---------- Input data

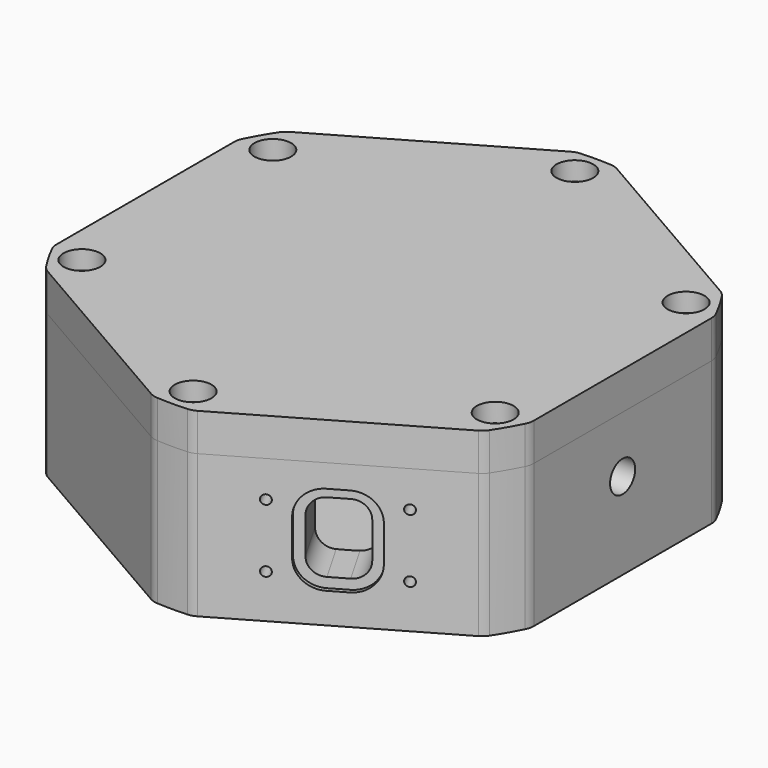
from build123d import *

# Parameters (mm, degrees)
F5_R            = 49.5
F6_DEPTH        = 30
F8_DEPTH        = 25
F11_DEPTH       = 8
F12_DEPTH       = 1.2
F13_D           = 2.5
F13_DEPTH       = 6.5
F13_TIP         = 0.7510757738
F14_D           = 8.33
F16_R           = 55.3
F16_R_2         = 52.2
F17_DEPTH       = 2
F19_D           = 4.2
F19_DEPTH       = 7.4
F19_TIP         = 1.2618073
F21_DEPTH       = 10
F23_D           = 5.5
F23_CBORE_D     = 9.75
F23_CBORE_DEPTH = 5
F24_R           = 5
F25_R           = 5
F26_D           = 2.5
F26_DEPTH       = 5
F26_TIP         = 0.7510757738


with BuildPart() as f6:
    # F5 (on Top) → F6 (new body)
    with BuildSketch(Plane.XY):
        with BuildLine():
            Line((-63.3, 30.5810398777), (-63.3, -30.5810398777))
            ThreePointArc((-63.3, -30.5810398777), (-60.881585886, -35.15), (-58.1339574082, -39.5288881207))
            Line((-58.1339574082, -39.5288881207), (-5.1660425918, -70.1099279984))
            ThreePointArc((-5.1660425918, -70.1099279984), (0, -70.3), (5.1660425918, -70.1099279984))
            Line((5.1660425918, -70.1099279984), (58.1339574082, -39.5288881207))
            ThreePointArc((58.1339574082, -39.5288881207), (60.881585886, -35.15), (63.3, -30.5810398777))
            Line((63.3, -30.5810398777), (63.3, 30.5810398777))
            ThreePointArc((63.3, 30.5810398777), (60.881585886, 35.15), (58.1339574082, 39.5288881207))
            Line((58.1339574082, 39.5288881207), (5.1660425918, 70.1099279984))
            ThreePointArc((5.1660425918, 70.1099279984), (0, 70.3), (-5.1660425918, 70.1099279984))
            Line((-5.1660425918, 70.1099279984), (-58.1339574082, 39.5288881207))
            ThreePointArc((-58.1339574082, 39.5288881207), (-60.881585886, 35.15), (-63.3, 30.5810398777))
        make_face()
        Circle(F5_R, mode=Mode.SUBTRACT)
    extrude(amount=F6_DEPTH)

    # F7 (on line) → F8 (cut)
    with BuildSketch(Plane(origin=(31.65, -54.8194080596, 0), x_dir=(0.8660254038, 0.5, 0), z_dir=(0.5, -0.8660254038, 0))):
        with BuildLine():
            Line((2.5, 21.3), (-2.5, 21.3))
            ThreePointArc((-2.5, 21.3), (-5.6819805153, 19.9819805153), (-7, 16.8))
            Line((-7, 16.8), (-7, 7.2))
            ThreePointArc((-7, 7.2), (-5.6819805153, 4.0180194847), (-2.5, 2.7))
            Line((-2.5, 2.7), (2.5, 2.7))
            ThreePointArc((2.5, 2.7), (5.6819805153, 4.0180194847), (7, 7.2))
            Line((7, 7.2), (7, 16.8))
            ThreePointArc((7, 16.8), (5.6819805153, 19.9819805153), (2.5, 21.3))
        make_face()
    extrude(amount=-F8_DEPTH, mode=Mode.SUBTRACT)

    # F10 (on Top) → F11 (join)
    with BuildSketch(Plane.XY):
        with BuildLine():
            Line((-63.3, 30.5810398777), (-63.3, -30.5810398777))
            ThreePointArc((-63.3, -30.5810398777), (-60.881585886, -35.15), (-58.1339574082, -39.5288881207))
            Line((-58.1339574082, -39.5288881207), (-5.1660425918, -70.1099279984))
            ThreePointArc((-5.1660425918, -70.1099279984), (0, -70.3), (5.1660425918, -70.1099279984))
            Line((5.1660425918, -70.1099279984), (58.1339574082, -39.5288881207))
            ThreePointArc((58.1339574082, -39.5288881207), (60.881585886, -35.15), (63.3, -30.5810398777))
            Line((63.3, -30.5810398777), (63.3, 30.5810398777))
            ThreePointArc((63.3, 30.5810398777), (60.881585886, 35.15), (58.1339574082, 39.5288881207))
            Line((58.1339574082, 39.5288881207), (5.1660425918, 70.1099279984))
            ThreePointArc((5.1660425918, 70.1099279984), (0, 70.3), (-5.1660425918, 70.1099279984))
            Line((-5.1660425918, 70.1099279984), (-58.1339574082, 39.5288881207))
            ThreePointArc((-58.1339574082, 39.5288881207), (-60.881585886, 35.15), (-63.3, 30.5810398777))
        make_face()
    extrude(amount=-F11_DEPTH)

    # F9 (on line) → F12 (cut)
    with BuildSketch(Plane(origin=(31.65, -54.8194080596, 0), x_dir=(0.8660254038, 0.5, 0), z_dir=(0.5, -0.8660254038, 0))):
        with BuildLine():
            Line((2.5, 23.92), (-2.5, 23.92))
            ThreePointArc((-2.5, 23.92), (-7.534600282, 21.834600282), (-9.62, 16.8))
            Line((-9.62, 16.8), (-9.62, 7.2))
            ThreePointArc((-9.62, 7.2), (-7.534600282, 2.165399718), (-2.5, 0.08))
            Line((-2.5, 0.08), (2.5, 0.08))
            ThreePointArc((2.5, 0.08), (7.534600282, 2.165399718), (9.62, 7.2))
            Line((9.62, 7.2), (9.62, 16.8))
            ThreePointArc((9.62, 16.8), (7.534600282, 21.834600282), (2.5, 23.92))
        make_face()
    extrude(amount=-F12_DEPTH, mode=Mode.SUBTRACT)

    # F13
    with Locations(Plane(origin=(31.65, -54.8194080596, 0), x_dir=(0.8660254038, 0.5, 0), z_dir=(0.5, -0.8660254038, 0))):
        with Locations((-15.1, 20.4), (-15.1, 3.6), (15.1, 3.6), (15.1, 20.4)):
            Hole(F13_D / 2, depth=F13_DEPTH)
            with Locations((0, 0, -(F13_DEPTH + F13_TIP / 2))):  # 118° drill point
                Cone(0, F13_D / 2, F13_TIP, mode=Mode.SUBTRACT)

    # F14 (through all)
    with Locations(Plane.YZ.offset(63.3)):
        with Locations((0, 15)):
            Hole(F14_D / 2)

    # F16 (on offset) → F17 (cut)
    with BuildSketch(Plane.XY.offset(30)):
        Circle(F16_R)
        Circle(F16_R_2, mode=Mode.SUBTRACT)
    extrude(amount=-F17_DEPTH, mode=Mode.SUBTRACT)

    # F19
    with Locations(Plane.XY.offset(30)):
        with Locations((-54.8194080596, -31.65), (0, -63.3), (54.8194080596, -31.65), (0, 63.3), (54.8194080596, 31.65), (-54.8194080596, 31.65)):
            Hole(F19_D / 2, depth=F19_DEPTH)
            with Locations((0, 0, -(F19_DEPTH + F19_TIP / 2))):  # 118° drill point
                Cone(0, F19_D / 2, F19_TIP, mode=Mode.SUBTRACT)

    # F25
    f25_edges = [f6.edges().sort_by_distance(p)[0] for p in [
        (5.166043, -70.109928, 11),
        (-5.166043, -70.109928, 11),
        (58.133957, -39.528888, 11),
        (63.3, -30.58104, 11),
        (63.3, 30.58104, 11),
        (58.133957, 39.528888, 11),
        (5.166043, 70.109928, 11),
        (-5.166043, 70.109928, 11),
        (-58.133957, 39.528888, 11),
        (-63.3, 30.58104, 11),
        (-63.3, -30.58104, 11),
        (-58.133957, -39.528888, 11),
    ]]
    fillet(f25_edges, radius=F25_R)

    # F26
    with Locations(Plane.XY):
        with Locations((-17.5, 39.5), (17.5, 39.5)):
            Hole(F26_D / 2, depth=F26_DEPTH)
            with Locations((0, 0, -(F26_DEPTH + F26_TIP / 2))):  # 118° drill point
                Cone(0, F26_D / 2, F26_TIP, mode=Mode.SUBTRACT)


with BuildPart() as f21:
    # F20 (on offset) → F21 (new body)
    with BuildSketch(Plane.XY.offset(30)):
        with BuildLine():
            Line((-5.1660425918, 70.1099279984), (-58.1339574082, 39.5288881207))
            ThreePointArc((-58.1339574082, 39.5288881207), (-60.881585886, 35.15), (-63.3, 30.5810398777))
            Line((-63.3, 30.5810398777), (-63.3, -30.5810398777))
            ThreePointArc((-63.3, -30.5810398777), (-60.881585886, -35.15), (-58.1339574082, -39.5288881207))
            Line((-58.1339574082, -39.5288881207), (-5.1660425918, -70.1099279984))
            ThreePointArc((-5.1660425918, -70.1099279984), (0, -70.3), (5.1660425918, -70.1099279984))
            Line((5.1660425918, -70.1099279984), (58.1339574082, -39.5288881207))
            ThreePointArc((58.1339574082, -39.5288881207), (60.881585886, -35.15), (63.3, -30.5810398777))
            Line((63.3, -30.5810398777), (63.3, 30.5810398777))
            ThreePointArc((63.3, 30.5810398777), (60.881585886, 35.15), (58.1339574082, 39.5288881207))
            Line((58.1339574082, 39.5288881207), (5.1660425918, 70.1099279984))
            ThreePointArc((5.1660425918, 70.1099279984), (0, 70.3), (-5.1660425918, 70.1099279984))
        make_face()
    extrude(amount=F21_DEPTH)

    # F23 (through all)
    with Locations(Plane.XY.offset(40)):
        with Locations((0, 63.3), (-54.8194080596, 31.65), (-54.8194080596, -31.65), (0, -63.3), (54.8194080596, -31.65), (54.8194080596, 31.65)):
            CounterBoreHole(F23_D / 2, F23_CBORE_D / 2, F23_CBORE_DEPTH)

    # F24
    f24_edges = [f21.edges().sort_by_distance(p)[0] for p in [
        (-58.133957, -39.528888, 35),
        (-63.3, -30.58104, 35),
        (5.166043, -70.109928, 35),
        (-5.166043, -70.109928, 35),
        (58.133957, -39.528888, 35),
        (63.3, -30.58104, 35),
        (63.3, 30.58104, 35),
        (58.133957, 39.528888, 35),
        (5.166043, 70.109928, 35),
        (-5.166043, 70.109928, 35),
        (-58.133957, 39.528888, 35),
        (-63.3, 30.58104, 35),
    ]]
    fillet(f24_edges, radius=F24_R)


solid = Compound([f6.part, f21.part])

--------------------

■ Task requirements:
Where a line of the data holds "extrude", show that line.

■ Final answer:
    extrude(amount=F6_DEPTH)
    extrude(amount=-F8_DEPTH, mode=Mode.SUBTRACT)
    extrude(amount=-F11_DEPTH)
    extrude(amount=-F12_DEPTH, mode=Mode.SUBTRACT)
    extrude(amount=-F17_DEPTH, mode=Mode.SUBTRACT)
    extrude(amount=F21_DEPTH)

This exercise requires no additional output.